Moe, Larry, and Curly are measuring the heights of the trees in a field.
To do this, Moe climbs the tree and holds a tape measure at the top of the tree,
Larry looks at the position on the tape measure and yells it to Curly,
and Curly writes it down.
However, each make mistakes:
if the true height of the tree is $h$ (in feet),
then the number written down is
$$
    X = h + M + L + C ,
$$
where $M$, $L$, and $C$ are the errors introduced by each;
these are independent and
$$\begin{aligned}
  M &\sim \text{Exponential}(\text{mean}=1.0) \\
  L &\sim \text{Normal}(\text{mean}=0, \text{sd}=2.5) \\
  C &\sim \text{Normal}(\text{mean}=3.0, \text{sd}=2.0) .
\end{aligned}$$

In the following, suppose they have measured a tree with true height $h=20$.
The expected value of $X$ is, by linearity of expectation,
$$ \mathbb{E}[X] = \mathbb{E}[h + M + L + C] = h + \mathbb{E}[M] + \mathbb{E}[L] + \mathbb{E}[C] = 20 + 1 + 0 + 3 = 24 \text{ feet}. $$

*(a)* Write a function to simulate from $X$,
    and use it to make a histogram of the distribution of $X$.
    (*Note: as a check, the mean should be close to 23.*)
    
*(b)* Use simulation to estimate $\text{sd}[X]$.
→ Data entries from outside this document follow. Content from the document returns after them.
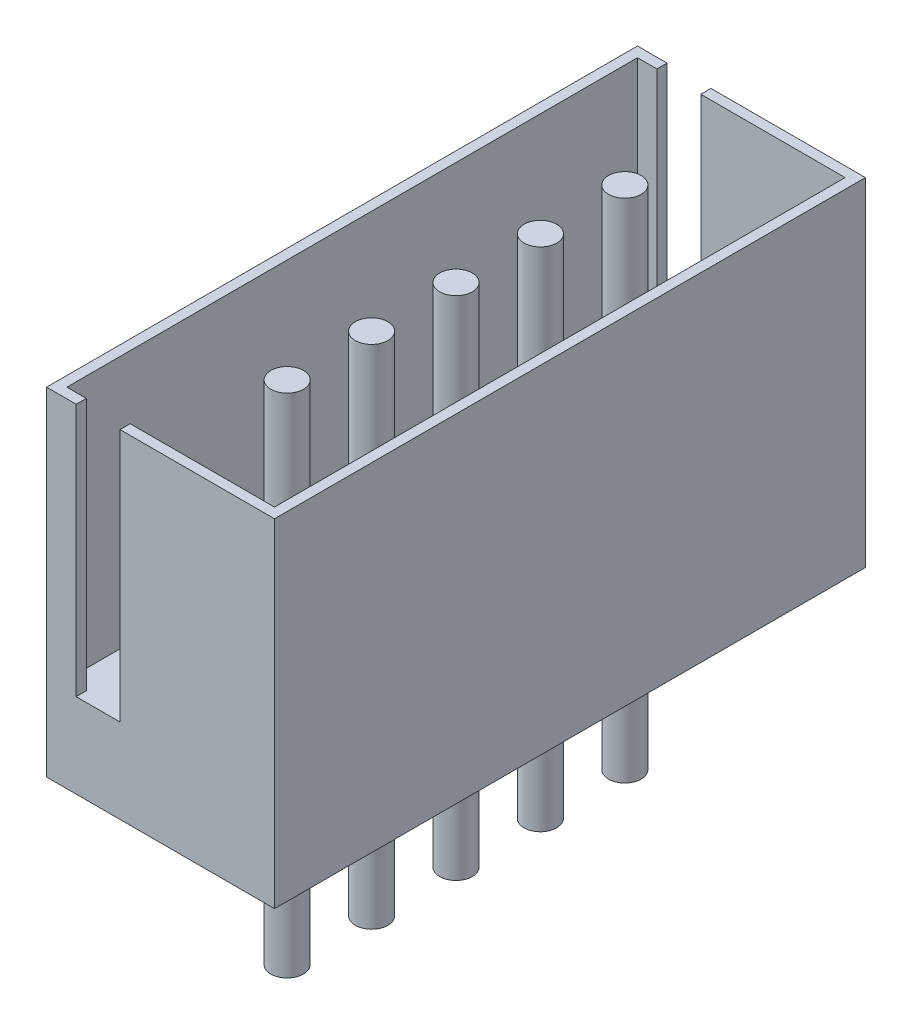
ISO-10303-21;
HEADER;
FILE_DESCRIPTION(('STEP AP214'),'2;1');
FILE_NAME('part.step','',(''),(''),'','','');
FILE_SCHEMA(('AUTOMOTIVE_DESIGN { 1 0 10303 214 1 1 1 1 }'));
ENDSEC;
DATA;
#1=APPLICATION_CONTEXT('core data for automotive mechanical design processes');
#2=APPLICATION_PROTOCOL_DEFINITION('international standard','automotive_design',2000,#1);
#3=PRODUCT_CONTEXT('',#1,'mechanical');
#4=PRODUCT('Part','Part','',(#3));
#5=PRODUCT_RELATED_PRODUCT_CATEGORY('part','',(#4));
#6=PRODUCT_DEFINITION_FORMATION('','',#4);
#7=PRODUCT_DEFINITION_CONTEXT('part definition',#1,'design');
#8=PRODUCT_DEFINITION('design','',#6,#7);
#9=PRODUCT_DEFINITION_SHAPE('','',#8);
#10=(LENGTH_UNIT() NAMED_UNIT(*) SI_UNIT(.MILLI.,.METRE.));
#11=(NAMED_UNIT(*) PLANE_ANGLE_UNIT() SI_UNIT($,.RADIAN.));
#12=(NAMED_UNIT(*) SI_UNIT($,.STERADIAN.) SOLID_ANGLE_UNIT());
#13=UNCERTAINTY_MEASURE_WITH_UNIT(LENGTH_MEASURE(1.E-05),#10,'distance_accuracy_value','');
#14=(GEOMETRIC_REPRESENTATION_CONTEXT(3) GLOBAL_UNCERTAINTY_ASSIGNED_CONTEXT((#13)) GLOBAL_UNIT_ASSIGNED_CONTEXT((#10,
#11,#12)) REPRESENTATION_CONTEXT('',''));
#15=CARTESIAN_POINT('',(0.,0.,0.));
#16=DIRECTION('',(0.,0.,1.));
#17=DIRECTION('',(1.,0.,0.));
#18=AXIS2_PLACEMENT_3D('',#15,#16,#17);
#19=CARTESIAN_POINT('',(9.15044707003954,6.604,-18.4394884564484));
#20=DIRECTION('',(0.,1.,0.));
#21=DIRECTION('',(0.,0.,-1.));
#22=AXIS2_PLACEMENT_3D('',#19,#20,#21);
#23=PLANE('',#22);
#24=CARTESIAN_POINT('',(8.89,6.60399999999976,-22.606));
#25=DIRECTION('',(0.,1.,0.));
#26=DIRECTION('',(0.,0.,1.));
#27=AXIS2_PLACEMENT_3D('',#24,#25,#26);
#28=CIRCLE('',#27,0.245107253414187);
#29=CARTESIAN_POINT('',(8.89,6.60399999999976,-22.3608927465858));
#30=VERTEX_POINT('',#29);
#31=EDGE_CURVE('E20',#30,#30,#28,.T.);
#32=ORIENTED_EDGE('',*,*,#31,.T.);
#33=EDGE_LOOP('',(#32));
#34=FACE_BOUND('',#33,.T.);
#35=ADVANCED_FACE('F16',(#34),#23,.T.);
#36=CARTESIAN_POINT('',(9.15044707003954,6.604,-18.4394884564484));
#37=DIRECTION('',(0.,1.,0.));
#38=DIRECTION('',(0.,0.,-1.));
#39=AXIS2_PLACEMENT_3D('',#36,#37,#38);
#40=PLANE('',#39);
#41=CARTESIAN_POINT('',(8.89,6.60399999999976,-23.876));
#42=DIRECTION('',(0.,1.,0.));
#43=DIRECTION('',(0.,0.,1.));
#44=AXIS2_PLACEMENT_3D('',#41,#42,#43);
#45=CIRCLE('',#44,0.245107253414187);
#46=CARTESIAN_POINT('',(8.89,6.60399999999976,-23.6308927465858));
#47=VERTEX_POINT('',#46);
#48=EDGE_CURVE('E220',#47,#47,#45,.T.);
#49=ORIENTED_EDGE('',*,*,#48,.T.);
#50=EDGE_LOOP('',(#49));
#51=FACE_BOUND('',#50,.T.);
#52=ADVANCED_FACE('F667',(#51),#40,.T.);
#53=CARTESIAN_POINT('',(9.15044707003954,6.604,-18.4394884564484));
#54=DIRECTION('',(0.,1.,0.));
#55=DIRECTION('',(0.,0.,-1.));
#56=AXIS2_PLACEMENT_3D('',#53,#54,#55);
#57=PLANE('',#56);
#58=CARTESIAN_POINT('',(8.89,6.60399999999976,-21.336));
#59=DIRECTION('',(0.,1.,0.));
#60=DIRECTION('',(0.,0.,1.));
#61=AXIS2_PLACEMENT_3D('',#58,#59,#60);
#62=CIRCLE('',#61,0.245107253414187);
#63=CARTESIAN_POINT('',(8.89,6.60399999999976,-21.0908927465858));
#64=VERTEX_POINT('',#63);
#65=EDGE_CURVE('E218',#64,#64,#62,.T.);
#66=ORIENTED_EDGE('',*,*,#65,.T.);
#67=EDGE_LOOP('',(#66));
#68=FACE_BOUND('',#67,.T.);
#69=ADVANCED_FACE('F670',(#68),#57,.T.);
#70=CARTESIAN_POINT('',(9.15044707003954,6.604,-18.4394884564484));
#71=DIRECTION('',(0.,1.,0.));
#72=DIRECTION('',(0.,0.,-1.));
#73=AXIS2_PLACEMENT_3D('',#70,#71,#72);
#74=PLANE('',#73);
#75=CARTESIAN_POINT('',(8.89,6.60399999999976,-20.066));
#76=DIRECTION('',(0.,1.,0.));
#77=DIRECTION('',(0.,0.,1.));
#78=AXIS2_PLACEMENT_3D('',#75,#76,#77);
#79=CIRCLE('',#78,0.24510725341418);
#80=CARTESIAN_POINT('',(8.89,6.60399999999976,-19.8208927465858));
#81=VERTEX_POINT('',#80);
#82=EDGE_CURVE('E215',#81,#81,#79,.T.);
#83=ORIENTED_EDGE('',*,*,#82,.T.);
#84=EDGE_LOOP('',(#83));
#85=FACE_BOUND('',#84,.T.);
#86=ADVANCED_FACE('F673',(#85),#74,.T.);
#87=CARTESIAN_POINT('',(9.15044707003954,6.604,-18.4394884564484));
#88=DIRECTION('',(0.,1.,0.));
#89=DIRECTION('',(0.,0.,-1.));
#90=AXIS2_PLACEMENT_3D('',#87,#88,#89);
#91=PLANE('',#90);
#92=CARTESIAN_POINT('',(8.89,6.60399999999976,-18.796));
#93=DIRECTION('',(0.,1.,0.));
#94=DIRECTION('',(0.,0.,1.));
#95=AXIS2_PLACEMENT_3D('',#92,#93,#94);
#96=CIRCLE('',#95,0.24510725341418);
#97=CARTESIAN_POINT('',(8.89,6.60399999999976,-18.5508927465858));
#98=VERTEX_POINT('',#97);
#99=EDGE_CURVE('E159',#98,#98,#96,.T.);
#100=ORIENTED_EDGE('',*,*,#99,.T.);
#101=EDGE_LOOP('',(#100));
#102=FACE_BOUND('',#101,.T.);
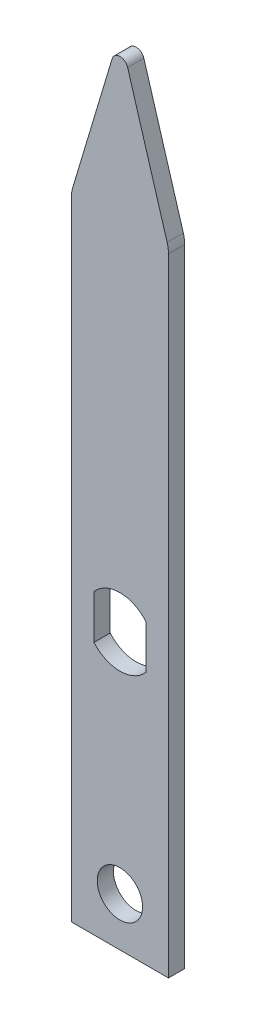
ISO-10303-21;
HEADER;
FILE_DESCRIPTION(('STEP AP214'),'2;1');
FILE_NAME('part.step','',(''),(''),'','','');
FILE_SCHEMA(('AUTOMOTIVE_DESIGN { 1 0 10303 214 1 1 1 1 }'));
ENDSEC;
DATA;
#1=APPLICATION_CONTEXT('core data for automotive mechanical design processes');
#2=APPLICATION_PROTOCOL_DEFINITION('international standard','automotive_design',2000,#1);
#3=PRODUCT_CONTEXT('',#1,'mechanical');
#4=PRODUCT('Part','Part','',(#3));
#5=PRODUCT_RELATED_PRODUCT_CATEGORY('part','',(#4));
#6=PRODUCT_DEFINITION_FORMATION('','',#4);
#7=PRODUCT_DEFINITION_CONTEXT('part definition',#1,'design');
#8=PRODUCT_DEFINITION('design','',#6,#7);
#9=PRODUCT_DEFINITION_SHAPE('','',#8);
#10=(LENGTH_UNIT() NAMED_UNIT(*) SI_UNIT(.MILLI.,.METRE.));
#11=(NAMED_UNIT(*) PLANE_ANGLE_UNIT() SI_UNIT($,.RADIAN.));
#12=(NAMED_UNIT(*) SI_UNIT($,.STERADIAN.) SOLID_ANGLE_UNIT());
#13=UNCERTAINTY_MEASURE_WITH_UNIT(LENGTH_MEASURE(1.E-05),#10,'distance_accuracy_value','');
#14=(GEOMETRIC_REPRESENTATION_CONTEXT(3) GLOBAL_UNCERTAINTY_ASSIGNED_CONTEXT((#13)) GLOBAL_UNIT_ASSIGNED_CONTEXT((#10,
#11,#12)) REPRESENTATION_CONTEXT('',''));
#15=CARTESIAN_POINT('',(0.,0.,0.));
#16=DIRECTION('',(0.,0.,1.));
#17=DIRECTION('',(1.,0.,0.));
#18=AXIS2_PLACEMENT_3D('',#15,#16,#17);
#19=CARTESIAN_POINT('',(15.,0.,5.));
#20=DIRECTION('',(0.,1.,0.));
#21=DIRECTION('',(-1.,0.,0.));
#22=AXIS2_PLACEMENT_3D('',#19,#20,#21);
#23=PLANE('',#22);
#24=DIRECTION('',(1.,0.,0.));
#25=VECTOR('',#24,1.);
#26=CARTESIAN_POINT('',(15.,0.,0.));
#27=LINE('',#26,#25);
#28=CARTESIAN_POINT('',(-15.,0.,0.));
#29=VERTEX_POINT('',#28);
#30=CARTESIAN_POINT('',(15.,0.,0.));
#31=VERTEX_POINT('',#30);
#32=EDGE_CURVE('E167',#29,#31,#27,.T.);
#33=ORIENTED_EDGE('',*,*,#32,.T.);
#34=DIRECTION('',(0.,0.,-1.));
#35=VECTOR('',#34,1.);
#36=CARTESIAN_POINT('',(15.,0.,5.));
#37=LINE('',#36,#35);
#38=CARTESIAN_POINT('',(15.,0.,5.));
#39=VERTEX_POINT('',#38);
#40=EDGE_CURVE('E196',#39,#31,#37,.T.);
#41=ORIENTED_EDGE('',*,*,#40,.F.);
#42=DIRECTION('',(1.,0.,0.));
#43=VECTOR('',#42,1.);
#44=CARTESIAN_POINT('',(15.,0.,5.));
#45=LINE('',#44,#43);
#46=CARTESIAN_POINT('',(-15.,0.,5.));
#47=VERTEX_POINT('',#46);
#48=EDGE_CURVE('E170',#47,#39,#45,.T.);
#49=ORIENTED_EDGE('',*,*,#48,.F.);
#50=DIRECTION('',(0.,0.,-1.));
#51=VECTOR('',#50,1.);
#52=CARTESIAN_POINT('',(-15.,0.,5.));
#53=LINE('',#52,#51);
#54=EDGE_CURVE('E183',#47,#29,#53,.T.);
#55=ORIENTED_EDGE('',*,*,#54,.T.);
#56=EDGE_LOOP('',(#33,#41,#49,#55));
#57=FACE_BOUND('',#56,.T.);
#58=ADVANCED_FACE('F32',(#57),#23,.F.);
#59=CARTESIAN_POINT('',(15.,195.,5.));
#60=DIRECTION('',(-1.,0.,0.));
#61=DIRECTION('',(0.,-1.,0.));
#62=AXIS2_PLACEMENT_3D('',#59,#60,#61);
#63=PLANE('',#62);
#64=DIRECTION('',(0.,1.,0.));
#65=VECTOR('',#64,1.);
#66=CARTESIAN_POINT('',(15.,195.,0.));
#67=LINE('',#66,#65);
#68=CARTESIAN_POINT('',(15.,193.532311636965,0.));
#69=VERTEX_POINT('',#68);
#70=EDGE_CURVE('E186',#31,#69,#67,.T.);
#71=ORIENTED_EDGE('',*,*,#70,.T.);
#72=DIRECTION('',(0.,0.,-1.));
#73=VECTOR('',#72,1.);
#74=CARTESIAN_POINT('',(15.,193.532311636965,5.));
#75=LINE('',#74,#73);
#76=CARTESIAN_POINT('',(15.,193.532311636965,5.));
#77=VERTEX_POINT('',#76);
#78=EDGE_CURVE('E217',#69,#77,#75,.F.);
#79=ORIENTED_EDGE('',*,*,#78,.T.);
#80=DIRECTION('',(0.,1.,0.));
#81=VECTOR('',#80,1.);
#82=CARTESIAN_POINT('',(15.,195.,5.));
#83=LINE('',#82,#81);
#84=EDGE_CURVE('E173',#39,#77,#83,.T.);
#85=ORIENTED_EDGE('',*,*,#84,.F.);
#86=ORIENTED_EDGE('',*,*,#40,.T.);
#87=EDGE_LOOP('',(#71,#79,#85,#86));
#88=FACE_BOUND('',#87,.T.);
#89=ADVANCED_FACE('F256',(#88),#63,.F.);
#90=CARTESIAN_POINT('',(0.,245.,5.));
#91=DIRECTION('',(-0.957826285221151,-0.287347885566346,0.));
#92=DIRECTION('',(0.287347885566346,-0.957826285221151,0.));
#93=AXIS2_PLACEMENT_3D('',#90,#91,#92);
#94=PLANE('',#93);
#95=DIRECTION('',(-0.287347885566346,0.957826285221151,0.));
#96=VECTOR('',#95,1.);
#97=CARTESIAN_POINT('',(0.,245.,5.));
#98=LINE('',#97,#96);
#99=CARTESIAN_POINT('',(14.5782628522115,196.405790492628,5.));
#100=VERTEX_POINT('',#99);
#101=CARTESIAN_POINT('',(2.39456571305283,237.018114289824,5.));
#102=VERTEX_POINT('',#101);
#103=EDGE_CURVE('E177',#100,#102,#98,.T.);
#104=ORIENTED_EDGE('',*,*,#103,.F.);
#105=DIRECTION('',(0.,0.,-1.));
#106=VECTOR('',#105,1.);
#107=CARTESIAN_POINT('',(14.5782628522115,196.405790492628,5.));
#108=LINE('',#107,#106);
#109=CARTESIAN_POINT('',(14.5782628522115,196.405790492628,0.));
#110=VERTEX_POINT('',#109);
#111=EDGE_CURVE('E210',#100,#110,#108,.T.);
#112=ORIENTED_EDGE('',*,*,#111,.T.);
#113=DIRECTION('',(-0.287347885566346,0.957826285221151,0.));
#114=VECTOR('',#113,1.);
#115=CARTESIAN_POINT('',(0.,245.,0.));
#116=LINE('',#115,#114);
#117=CARTESIAN_POINT('',(2.39456571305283,237.018114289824,0.));
#118=VERTEX_POINT('',#117);
#119=EDGE_CURVE('E189',#110,#118,#116,.T.);
#120=ORIENTED_EDGE('',*,*,#119,.T.);
#121=DIRECTION('',(0.,0.,-1.));
#122=VECTOR('',#121,1.);
#123=CARTESIAN_POINT('',(2.39456571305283,237.018114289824,5.));
#124=LINE('',#123,#122);
#125=EDGE_CURVE('E205',#118,#102,#124,.F.);
#126=ORIENTED_EDGE('',*,*,#125,.T.);
#127=EDGE_LOOP('',(#104,#112,#120,#126));
#128=FACE_BOUND('',#127,.T.);
#129=ADVANCED_FACE('F244',(#128),#94,.F.);
#130=CARTESIAN_POINT('',(-15.0000000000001,195.,5.));
#131=DIRECTION('',(0.957826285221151,-0.287347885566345,0.));
#132=DIRECTION('',(0.287347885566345,0.957826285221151,0.));
#133=AXIS2_PLACEMENT_3D('',#130,#131,#132);
#134=PLANE('',#133);
#135=DIRECTION('',(-0.287347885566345,-0.957826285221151,0.));
#136=VECTOR('',#135,1.);
#137=CARTESIAN_POINT('',(-15.0000000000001,195.,0.));
#138=LINE('',#137,#136);
#139=CARTESIAN_POINT('',(-2.39456571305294,237.018114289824,0.));
#140=VERTEX_POINT('',#139);
#141=CARTESIAN_POINT('',(-14.5782628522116,196.405790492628,0.));
#142=VERTEX_POINT('',#141);
#143=EDGE_CURVE('E191',#140,#142,#138,.T.);
#144=ORIENTED_EDGE('',*,*,#143,.T.);
#145=DIRECTION('',(0.,0.,-1.));
#146=VECTOR('',#145,1.);
#147=CARTESIAN_POINT('',(-14.5782628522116,196.405790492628,5.));
#148=LINE('',#147,#146);
#149=CARTESIAN_POINT('',(-14.5782628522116,196.405790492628,5.));
#150=VERTEX_POINT('',#149);
#151=EDGE_CURVE('E11',#142,#150,#148,.F.);
#152=ORIENTED_EDGE('',*,*,#151,.T.);
#153=DIRECTION('',(-0.287347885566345,-0.957826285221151,0.));
#154=VECTOR('',#153,1.);
#155=CARTESIAN_POINT('',(-15.0000000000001,195.,5.));
#156=LINE('',#155,#154);
#157=CARTESIAN_POINT('',(-2.39456571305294,237.018114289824,5.));
#158=VERTEX_POINT('',#157);
#159=EDGE_CURVE('E179',#158,#150,#156,.T.);
#160=ORIENTED_EDGE('',*,*,#159,.F.);
#161=DIRECTION('',(0.,0.,-1.));
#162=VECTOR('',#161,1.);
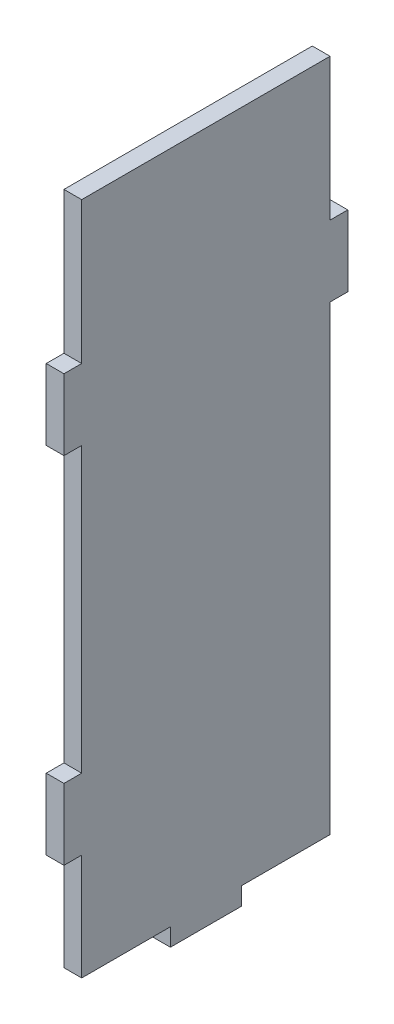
from build123d import *

# Parameters (mm, degrees)
SKETCH1_W           = 44.45
SKETCH1_H           = 127
BOSS_EXTRUDE1_DEPTH = 1.5875
SKETCH2_W           = 3.175
SKETCH2_H           = 12.7
BOSS_EXTRUDE2_DEPTH = 3.175
CUT_EXTRUDE1_DEPTH  = 69.465251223
SKETCH4_W           = 3.175
SKETCH4_H           = 12.7
CUT_EXTRUDE2_DEPTH  = 69.465251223


with BuildPart() as part:
    # Sketch1 → Boss-Extrude1 (new, symmetric)
    with BuildSketch(Plane(origin=(0, 0, 0), x_dir=(0, 0, -1), z_dir=(1, 0, 0))):
        Rectangle(SKETCH1_W, SKETCH1_H)
    extrude(amount=BOSS_EXTRUDE1_DEPTH, both=True)

    # Sketch2 → Boss-Extrude2 (add)
    with BuildSketch(Plane(origin=(1.5875, 0, 0), x_dir=(0, 0, -1), z_dir=(1, 0, 0))):
        with Locations((-23.8125, 31.75)):
            Rectangle(SKETCH2_W, SKETCH2_H)
        with Locations((-23.8125, -31.75)):
            Rectangle(SKETCH2_W, SKETCH2_H)
    boss_extrude2 = extrude(amount=-BOSS_EXTRUDE2_DEPTH)

    # Mirror1: Boss-Extrude2 across plane
    add(boss_extrude2.mirror(Plane.XY))

    # Sketch3 → Cut-Extrude1 (cut, through all)
    with BuildSketch(Plane(origin=(1.5875, 0, 0), x_dir=(0, 0, -1), z_dir=(1, 0, 0))):
        Polygon((-6.35, -60.325), (6.35, -60.325), (6.35, -57.15), (22.225, -57.15), (22.225, -63.5), (-22.225, -63.5), (-22.225, -57.15), (-6.35, -57.15), align=None)
    extrude(amount=-CUT_EXTRUDE1_DEPTH, mode=Mode.SUBTRACT)

    # Sketch4 → Cut-Extrude2 (cut, through all)
    with BuildSketch(Plane(origin=(1.5875, 0, 0), x_dir=(0, 0, -1), z_dir=(1, 0, 0))):
        with Locations((23.8125, -31.75)):
            Rectangle(SKETCH4_W, SKETCH4_H)
    extrude(amount=-CUT_EXTRUDE2_DEPTH, mode=Mode.SUBTRACT)


solid = part.part

*(c)* Find $\text{sd}[X]$ using math (i.e., using the probability rules from class
 and properties of the probability distributions above, which you may look up on Wikipedia).
 Make sure to state any facts that you use.

# 3. Jitter bugs

We are studying how activity levels of springtails (a type of very small arthropod)
depend on ambient temperature.
To do this, we have measured how far twenty *[Sminthurus viridis](https://www.chaosofdelight.org/collembola-springtails)*
traveled along a small tube over the course of 10 minutes, each measured at a different temperature.
Here are the data (temperatures in degrees C, distances in mm):

In [39]:
temperature = np.array([1.4, 2.8, 1.2, 10., 0.4, 6.3, 1.2, 0.6, 0.7, 2.6, 2.4,
                   0.4 , 1. , 2.3, 2.8, 7.4, 2.6, 1.6, 9.4, 11.4])
distance = np.array([12.1, 10.6,  9.5,  7.4,  9.8, 13.3, 11.1, 11.3, 10.3,  9.2,  9.7,
                   9.5,  9.5, 10.8,  7.7,  7.5,  8.6, 11.5,  8.9, 14.1])

Our observation is that although the *average* distance is fairly consistent across
temperatures, the *variability* between springtails differs substantially at different temperatures.
So, we'd like to fit the following model: if $D$ is the distance and $T$ is the temperature,
$$ D \sim \text{Normal}(\text{mean}=a, \text{sd}=\exp(b T) ). $$
(In words: although mean distance does not change with temperature,
the standard deviation does.)

*(a)* Write the log-likelihood function for this model.
    The function should have three arguments: the tuple of parameters, $(a, b)$;
    the array of temperatures; and the array of distances.

*(b)* Estimate the values of $a$ and $b$ from the data
    by minimizing the negative log-likelihood.
    
*(c)* Use simulation
    to obtain 95% confidence intervals for your two estimates.
    Do this by: 
- creating several new, simulated data sets $D$ from this model using the estimated values of $a$ and $b$, but the same temperatures $T$ found in the data set,
- re-applying the estimation procedure on each simulated data set to get new $a$ and $b$ values
- and reporting a 95% interval of the resulting estimates. 

# 4. Polynomial fitting

Here is a small [data set](http://pages.uoregon.edu/dlevin/DATA/xy2023.txt) with several points (x, y). Model y as a polynomial function of x.

 (a) Plot the data, along with fitted polynomials of degrees 1 through 7.
 
 (b) Using cross-validation, estimate the MSE prediction for each degree of polynomial model 
 
 (c) Plot the mean squared error as a function of degree.
 
 (d) Interpret your results in parts (b) and (c) in plain language. What degree polynomial should be the best at predicting $y$ based on the value of $x$ for new data?